→ **WORK TO BE COMPLETED**
The output must reproduce each line of the data word for word.

→ **EXERCISE INPUT**
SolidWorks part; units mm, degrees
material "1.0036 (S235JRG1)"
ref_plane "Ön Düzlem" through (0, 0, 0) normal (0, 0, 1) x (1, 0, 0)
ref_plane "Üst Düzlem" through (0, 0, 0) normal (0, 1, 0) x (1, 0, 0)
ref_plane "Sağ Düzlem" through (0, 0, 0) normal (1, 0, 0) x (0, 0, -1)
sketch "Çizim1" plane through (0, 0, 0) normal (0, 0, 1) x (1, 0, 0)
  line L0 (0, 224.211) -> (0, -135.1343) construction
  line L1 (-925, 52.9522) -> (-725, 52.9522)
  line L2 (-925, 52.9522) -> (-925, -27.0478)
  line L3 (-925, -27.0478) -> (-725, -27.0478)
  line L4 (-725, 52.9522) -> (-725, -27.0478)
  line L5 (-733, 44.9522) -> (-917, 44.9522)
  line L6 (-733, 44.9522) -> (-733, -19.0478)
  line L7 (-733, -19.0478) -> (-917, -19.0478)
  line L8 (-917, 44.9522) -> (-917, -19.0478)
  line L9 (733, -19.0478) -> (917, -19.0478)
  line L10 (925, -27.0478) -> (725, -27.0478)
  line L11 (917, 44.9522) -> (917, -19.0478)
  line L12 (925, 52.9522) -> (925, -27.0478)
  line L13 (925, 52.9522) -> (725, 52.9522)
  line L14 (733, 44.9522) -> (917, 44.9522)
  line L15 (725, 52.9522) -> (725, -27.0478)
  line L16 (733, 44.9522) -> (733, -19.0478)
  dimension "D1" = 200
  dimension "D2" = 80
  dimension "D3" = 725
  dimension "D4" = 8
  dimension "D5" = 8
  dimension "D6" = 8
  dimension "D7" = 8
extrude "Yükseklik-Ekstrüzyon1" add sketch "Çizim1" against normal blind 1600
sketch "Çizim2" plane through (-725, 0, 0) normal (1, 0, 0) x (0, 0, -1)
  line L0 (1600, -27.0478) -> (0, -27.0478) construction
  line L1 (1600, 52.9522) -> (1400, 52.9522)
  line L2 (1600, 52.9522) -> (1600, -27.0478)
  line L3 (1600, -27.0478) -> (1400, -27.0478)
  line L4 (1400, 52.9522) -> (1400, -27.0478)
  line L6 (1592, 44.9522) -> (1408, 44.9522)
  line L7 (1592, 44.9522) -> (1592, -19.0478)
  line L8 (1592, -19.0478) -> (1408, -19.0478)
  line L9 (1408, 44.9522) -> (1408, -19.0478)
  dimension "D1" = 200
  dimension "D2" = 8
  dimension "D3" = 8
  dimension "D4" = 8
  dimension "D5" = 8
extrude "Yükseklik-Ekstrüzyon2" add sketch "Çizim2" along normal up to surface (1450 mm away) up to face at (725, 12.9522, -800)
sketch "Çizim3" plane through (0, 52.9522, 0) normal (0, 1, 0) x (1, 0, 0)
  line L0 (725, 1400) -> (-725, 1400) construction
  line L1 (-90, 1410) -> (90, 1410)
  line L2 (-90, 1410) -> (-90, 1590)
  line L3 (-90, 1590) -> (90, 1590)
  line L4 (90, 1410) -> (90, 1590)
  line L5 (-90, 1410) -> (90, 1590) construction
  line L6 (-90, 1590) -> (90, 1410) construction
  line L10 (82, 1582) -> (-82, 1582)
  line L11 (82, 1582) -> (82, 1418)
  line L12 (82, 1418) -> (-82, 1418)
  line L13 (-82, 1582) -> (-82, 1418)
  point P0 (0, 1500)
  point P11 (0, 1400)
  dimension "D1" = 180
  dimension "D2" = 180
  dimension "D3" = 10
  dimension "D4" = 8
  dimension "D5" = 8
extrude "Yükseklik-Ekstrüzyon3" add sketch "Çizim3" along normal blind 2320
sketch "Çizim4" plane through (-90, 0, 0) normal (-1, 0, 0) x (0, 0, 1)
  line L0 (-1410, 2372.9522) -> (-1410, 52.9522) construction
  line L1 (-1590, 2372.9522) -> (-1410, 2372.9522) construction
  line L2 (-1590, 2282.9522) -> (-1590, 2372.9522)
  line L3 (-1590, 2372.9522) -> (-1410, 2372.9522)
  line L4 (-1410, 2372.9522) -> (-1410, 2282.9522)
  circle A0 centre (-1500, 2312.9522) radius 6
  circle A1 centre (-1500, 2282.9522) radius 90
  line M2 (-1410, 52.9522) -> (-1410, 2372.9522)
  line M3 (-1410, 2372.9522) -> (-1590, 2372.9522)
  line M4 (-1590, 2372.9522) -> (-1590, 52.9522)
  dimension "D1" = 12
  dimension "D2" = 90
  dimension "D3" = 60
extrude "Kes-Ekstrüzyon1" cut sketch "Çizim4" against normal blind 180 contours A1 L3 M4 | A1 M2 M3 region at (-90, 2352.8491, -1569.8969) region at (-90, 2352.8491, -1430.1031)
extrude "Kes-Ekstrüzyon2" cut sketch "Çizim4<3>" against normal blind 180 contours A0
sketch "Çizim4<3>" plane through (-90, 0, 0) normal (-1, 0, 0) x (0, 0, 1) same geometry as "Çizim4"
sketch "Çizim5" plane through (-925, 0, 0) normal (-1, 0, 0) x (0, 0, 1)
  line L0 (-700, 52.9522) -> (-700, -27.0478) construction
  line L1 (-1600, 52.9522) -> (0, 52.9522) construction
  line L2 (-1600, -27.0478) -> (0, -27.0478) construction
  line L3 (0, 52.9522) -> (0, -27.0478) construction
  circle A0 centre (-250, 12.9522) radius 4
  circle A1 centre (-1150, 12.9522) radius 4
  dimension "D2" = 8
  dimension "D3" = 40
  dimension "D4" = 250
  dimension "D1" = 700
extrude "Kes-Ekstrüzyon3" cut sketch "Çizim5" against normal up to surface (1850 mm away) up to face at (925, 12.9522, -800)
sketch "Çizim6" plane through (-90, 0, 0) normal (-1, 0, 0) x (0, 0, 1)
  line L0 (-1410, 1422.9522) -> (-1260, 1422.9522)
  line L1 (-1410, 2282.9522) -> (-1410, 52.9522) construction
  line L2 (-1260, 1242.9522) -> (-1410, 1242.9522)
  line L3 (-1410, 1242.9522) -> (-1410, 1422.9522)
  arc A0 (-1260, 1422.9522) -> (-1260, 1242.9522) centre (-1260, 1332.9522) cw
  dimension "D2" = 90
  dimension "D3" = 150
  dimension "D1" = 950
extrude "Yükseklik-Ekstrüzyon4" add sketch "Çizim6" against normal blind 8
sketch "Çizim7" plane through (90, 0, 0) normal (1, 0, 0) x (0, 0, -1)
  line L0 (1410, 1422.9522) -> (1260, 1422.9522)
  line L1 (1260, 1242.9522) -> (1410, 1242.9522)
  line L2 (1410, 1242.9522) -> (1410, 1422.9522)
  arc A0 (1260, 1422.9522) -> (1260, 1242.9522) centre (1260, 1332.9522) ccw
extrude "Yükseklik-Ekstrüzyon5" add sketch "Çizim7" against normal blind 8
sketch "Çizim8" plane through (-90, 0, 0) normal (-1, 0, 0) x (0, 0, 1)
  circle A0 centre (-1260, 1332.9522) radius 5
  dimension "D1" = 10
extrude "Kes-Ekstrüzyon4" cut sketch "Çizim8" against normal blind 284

→ **SOLUTION**
SolidWorks part; units mm, degrees
material "1.0036 (S235JRG1)"
ref_plane "Ön Düzlem" through (0, 0, 0) normal (0, 0, 1) x (1, 0, 0)
ref_plane "Üst Düzlem" through (0, 0, 0) normal (0, 1, 0) x (1, 0, 0)
ref_plane "Sağ Düzlem" through (0, 0, 0) normal (1, 0, 0) x (0, 0, -1)
sketch "Çizim1" plane through (0, 0, 0) normal (0, 0, 1) x (1, 0, 0)
  line L0 (0, 224.211) -> (0, -135.1343) construction
  line L1 (-925, 52.9522) -> (-725, 52.9522)
  line L2 (-925, 52.9522) -> (-925, -27.0478)
  line L3 (-925, -27.0478) -> (-725, -27.0478)
  line L4 (-725, 52.9522) -> (-725, -27.0478)
  line L5 (-733, 44.9522) -> (-917, 44.9522)
  line L6 (-733, 44.9522) -> (-733, -19.0478)
  line L7 (-733, -19.0478) -> (-917, -19.0478)
  line L8 (-917, 44.9522) -> (-917, -19.0478)
  line L9 (733, -19.0478) -> (917, -19.0478)
  line L10 (925, -27.0478) -> (725, -27.0478)
  line L11 (917, 44.9522) -> (917, -19.0478)
  line L12 (925, 52.9522) -> (925, -27.0478)
  line L13 (925, 52.9522) -> (725, 52.9522)
  line L14 (733, 44.9522) -> (917, 44.9522)
  line L15 (725, 52.9522) -> (725, -27.0478)
  line L16 (733, 44.9522) -> (733, -19.0478)
  dimension "D1" = 200
  dimension "D2" = 80
  dimension "D3" = 725
  dimension "D4" = 8
  dimension "D5" = 8
  dimension "D6" = 8
  dimension "D7" = 8
extrude "Yükseklik-Ekstrüzyon1" add sketch "Çizim1" against normal blind 1600
sketch "Çizim2" plane through (-725, 0, 0) normal (1, 0, 0) x (0, 0, -1)
  line L0 (1600, -27.0478) -> (0, -27.0478) construction
  line L1 (1600, 52.9522) -> (1400, 52.9522)
  line L2 (1600, 52.9522) -> (1600, -27.0478)
  line L3 (1600, -27.0478) -> (1400, -27.0478)
  line L4 (1400, 52.9522) -> (1400, -27.0478)
  line L6 (1592, 44.9522) -> (1408, 44.9522)
  line L7 (1592, 44.9522) -> (1592, -19.0478)
  line L8 (1592, -19.0478) -> (1408, -19.0478)
  line L9 (1408, 44.9522) -> (1408, -19.0478)
  dimension "D1" = 200
  dimension "D2" = 8
  dimension "D3" = 8
  dimension "D4" = 8
  dimension "D5" = 8
extrude "Yükseklik-Ekstrüzyon2" add sketch "Çizim2" along normal up to surface (1450 mm away) up to face at (725, 12.9522, -800)
sketch "Çizim3" plane through (0, 52.9522, 0) normal (0, 1, 0) x (1, 0, 0)
  line L0 (725, 1400) -> (-725, 1400) construction
  line L1 (-90, 1410) -> (90, 1410)
  line L2 (-90, 1410) -> (-90, 1590)
  line L3 (-90, 1590) -> (90, 1590)
  line L4 (90, 1410) -> (90, 1590)
  line L5 (-90, 1410) -> (90, 1590) construction
  line L6 (-90, 1590) -> (90, 1410) construction
  line L10 (82, 1582) -> (-82, 1582)
  line L11 (82, 1582) -> (82, 1418)
  line L12 (82, 1418) -> (-82, 1418)
  line L13 (-82, 1582) -> (-82, 1418)
  point P0 (0, 1500)
  point P11 (0, 1400)
  dimension "D1" = 180
  dimension "D2" = 180
  dimension "D3" = 10
  dimension "D4" = 8
  dimension "D5" = 8
extrude "Yükseklik-Ekstrüzyon3" add sketch "Çizim3" along normal blind 2320
sketch "Çizim4" plane through (-90, 0, 0) normal (-1, 0, 0) x (0, 0, 1)
  line L0 (-1410, 2372.9522) -> (-1410, 52.9522) construction
  line L1 (-1590, 2372.9522) -> (-1410, 2372.9522) construction
  line L2 (-1590, 2282.9522) -> (-1590, 2372.9522)
  line L3 (-1590, 2372.9522) -> (-1410, 2372.9522)
  line L4 (-1410, 2372.9522) -> (-1410, 2282.9522)
  circle A0 centre (-1500, 2312.9522) radius 6
  circle A1 centre (-1500, 2282.9522) radius 90
  line M2 (-1410, 52.9522) -> (-1410, 2372.9522)
  line M3 (-1410, 2372.9522) -> (-1590, 2372.9522)
  line M4 (-1590, 2372.9522) -> (-1590, 52.9522)
  dimension "D1" = 12
  dimension "D2" = 90
  dimension "D3" = 60
extrude "Kes-Ekstrüzyon1" cut sketch "Çizim4" against normal blind 180 contours A1 L3 M4 | A1 M2 M3 region at (-90, 2352.8491, -1569.8969) region at (-90, 2352.8491, -1430.1031)
extrude "Kes-Ekstrüzyon2" cut sketch "Çizim4<3>" against normal blind 180 contours A0
sketch "Çizim4<3>" plane through (-90, 0, 0) normal (-1, 0, 0) x (0, 0, 1) same geometry as "Çizim4"
sketch "Çizim5" plane through (-925, 0, 0) normal (-1, 0, 0) x (0, 0, 1)
  line L0 (-700, 52.9522) -> (-700, -27.0478) construction
  line L1 (-1600, 52.9522) -> (0, 52.9522) construction
  line L2 (-1600, -27.0478) -> (0, -27.0478) construction
  line L3 (0, 52.9522) -> (0, -27.0478) construction
  circle A0 centre (-250, 12.9522) radius 4
  circle A1 centre (-1150, 12.9522) radius 4
  dimension "D2" = 8
  dimension "D3" = 40
  dimension "D4" = 250
  dimension "D1" = 700
extrude "Kes-Ekstrüzyon3" cut sketch "Çizim5" against normal up to surface (1850 mm away) up to face at (925, 12.9522, -800)
sketch "Çizim6" plane through (-90, 0, 0) normal (-1, 0, 0) x (0, 0, 1)
  line L0 (-1410, 1422.9522) -> (-1260, 1422.9522)
  line L1 (-1410, 2282.9522) -> (-1410, 52.9522) construction
  line L2 (-1260, 1242.9522) -> (-1410, 1242.9522)
  line L3 (-1410, 1242.9522) -> (-1410, 1422.9522)
  arc A0 (-1260, 1422.9522) -> (-1260, 1242.9522) centre (-1260, 1332.9522) cw
  dimension "D2" = 90
  dimension "D3" = 150
  dimension "D1" = 950
extrude "Yükseklik-Ekstrüzyon4" add sketch "Çizim6" against normal blind 8
sketch "Çizim7" plane through (90, 0, 0) normal (1, 0, 0) x (0, 0, -1)
  line L0 (1410, 1422.9522) -> (1260, 1422.9522)
  line L1 (1260, 1242.9522) -> (1410, 1242.9522)
  line L2 (1410, 1242.9522) -> (1410, 1422.9522)
  arc A0 (1260, 1422.9522) -> (1260, 1242.9522) centre (1260, 1332.9522) ccw
extrude "Yükseklik-Ekstrüzyon5" add sketch "Çizim7" against normal blind 8
sketch "Çizim8" plane through (-90, 0, 0) normal (-1, 0, 0) x (0, 0, 1)
  circle A0 centre (-1260, 1332.9522) radius 5
  dimension "D1" = 10
extrude "Kes-Ekstrüzyon4" cut sketch "Çizim8" against normal blind 284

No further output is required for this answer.